**DATA IN THIS EXERCISE:**
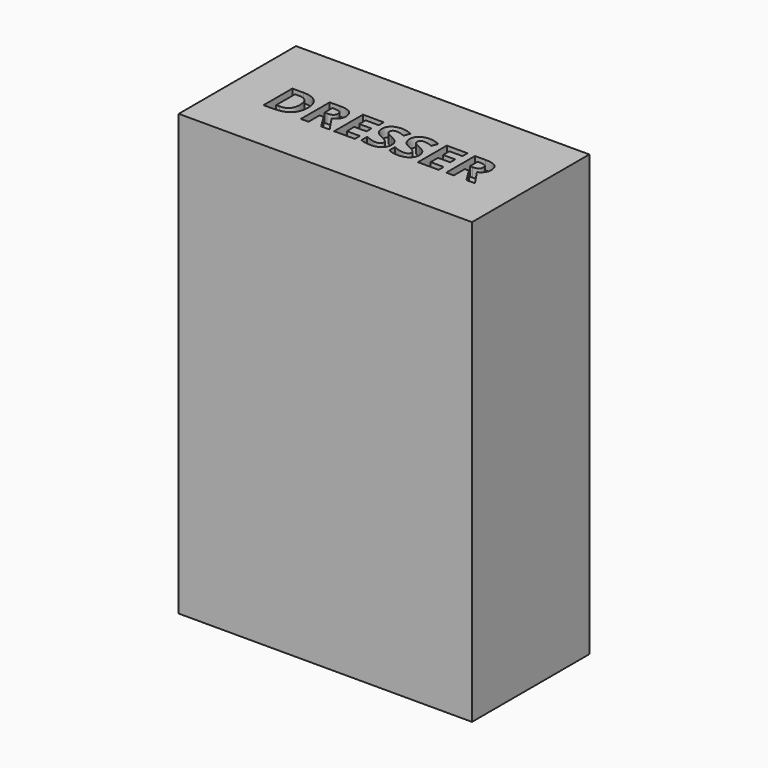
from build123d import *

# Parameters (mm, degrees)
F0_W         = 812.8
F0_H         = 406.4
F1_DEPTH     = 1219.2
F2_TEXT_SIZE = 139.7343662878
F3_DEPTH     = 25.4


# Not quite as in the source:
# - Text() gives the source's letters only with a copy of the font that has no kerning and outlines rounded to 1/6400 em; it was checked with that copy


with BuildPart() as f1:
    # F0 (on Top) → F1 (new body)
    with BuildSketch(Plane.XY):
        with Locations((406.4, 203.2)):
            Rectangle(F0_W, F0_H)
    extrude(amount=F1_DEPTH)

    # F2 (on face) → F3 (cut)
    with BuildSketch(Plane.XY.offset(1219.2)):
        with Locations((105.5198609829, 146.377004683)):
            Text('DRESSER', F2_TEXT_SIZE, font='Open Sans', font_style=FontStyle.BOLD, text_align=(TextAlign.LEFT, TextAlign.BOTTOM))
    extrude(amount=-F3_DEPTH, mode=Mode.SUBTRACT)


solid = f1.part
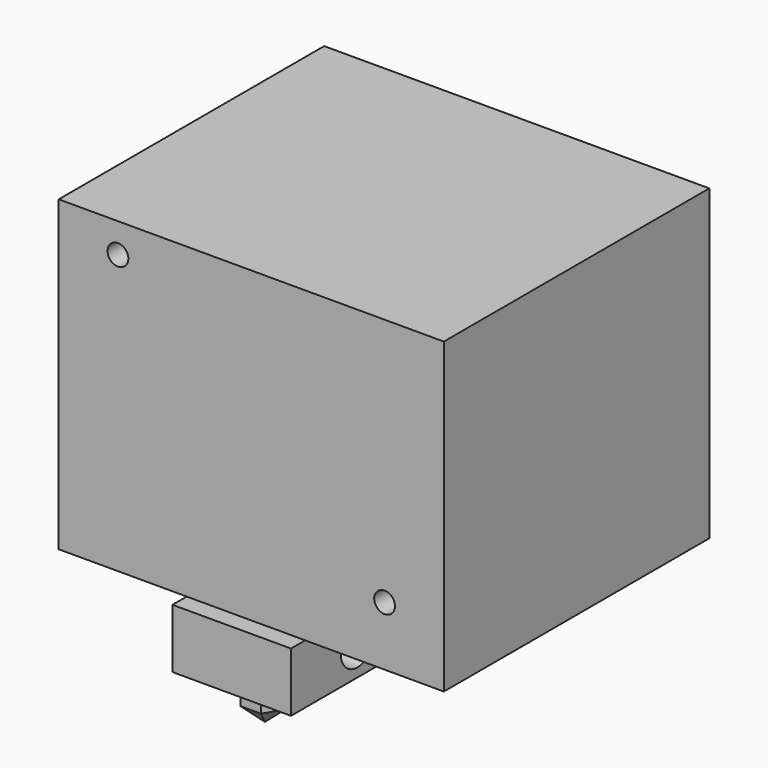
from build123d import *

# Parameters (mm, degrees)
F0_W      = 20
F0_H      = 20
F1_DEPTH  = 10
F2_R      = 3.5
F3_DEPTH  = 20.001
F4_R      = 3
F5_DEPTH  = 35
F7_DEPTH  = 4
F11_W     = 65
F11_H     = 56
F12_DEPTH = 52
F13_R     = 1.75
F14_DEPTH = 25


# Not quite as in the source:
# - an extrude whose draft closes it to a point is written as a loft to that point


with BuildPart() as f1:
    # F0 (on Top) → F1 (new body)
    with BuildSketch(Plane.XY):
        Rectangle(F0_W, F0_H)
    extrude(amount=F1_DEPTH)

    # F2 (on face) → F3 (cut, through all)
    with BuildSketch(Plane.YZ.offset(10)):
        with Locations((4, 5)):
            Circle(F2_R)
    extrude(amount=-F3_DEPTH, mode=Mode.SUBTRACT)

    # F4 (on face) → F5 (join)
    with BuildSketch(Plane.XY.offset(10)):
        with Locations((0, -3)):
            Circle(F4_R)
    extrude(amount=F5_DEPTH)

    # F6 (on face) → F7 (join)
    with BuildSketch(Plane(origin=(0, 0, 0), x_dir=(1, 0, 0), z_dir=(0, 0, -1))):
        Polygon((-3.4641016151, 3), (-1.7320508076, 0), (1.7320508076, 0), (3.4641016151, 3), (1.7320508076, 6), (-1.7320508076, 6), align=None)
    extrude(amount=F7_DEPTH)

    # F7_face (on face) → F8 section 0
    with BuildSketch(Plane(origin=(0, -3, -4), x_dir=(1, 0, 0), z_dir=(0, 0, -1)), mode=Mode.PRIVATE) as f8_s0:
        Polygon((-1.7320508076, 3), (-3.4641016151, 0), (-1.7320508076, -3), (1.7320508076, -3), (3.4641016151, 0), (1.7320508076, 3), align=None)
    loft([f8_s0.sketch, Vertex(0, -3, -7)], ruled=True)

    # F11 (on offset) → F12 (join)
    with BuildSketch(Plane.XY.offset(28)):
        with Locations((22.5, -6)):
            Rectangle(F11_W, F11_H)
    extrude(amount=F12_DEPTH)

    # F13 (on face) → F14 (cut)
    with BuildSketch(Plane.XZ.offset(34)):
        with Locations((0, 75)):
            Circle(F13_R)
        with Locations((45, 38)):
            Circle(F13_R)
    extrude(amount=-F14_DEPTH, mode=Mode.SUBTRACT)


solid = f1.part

**AIM OF THE TASK:** Working through the entries above, copy every line in which "face" is found.

**ANSWER TO THE PROBLEM:**
    # F2 (on face) → F3 (cut)
    # F2 (on face) → F3 (cut, through all)
    # F4 (on face) → F5 (join)
    # F6 (on face) → F7 (join)
    # F7_face (on face) → F8 section 0
    # F13 (on face) → F14 (cut)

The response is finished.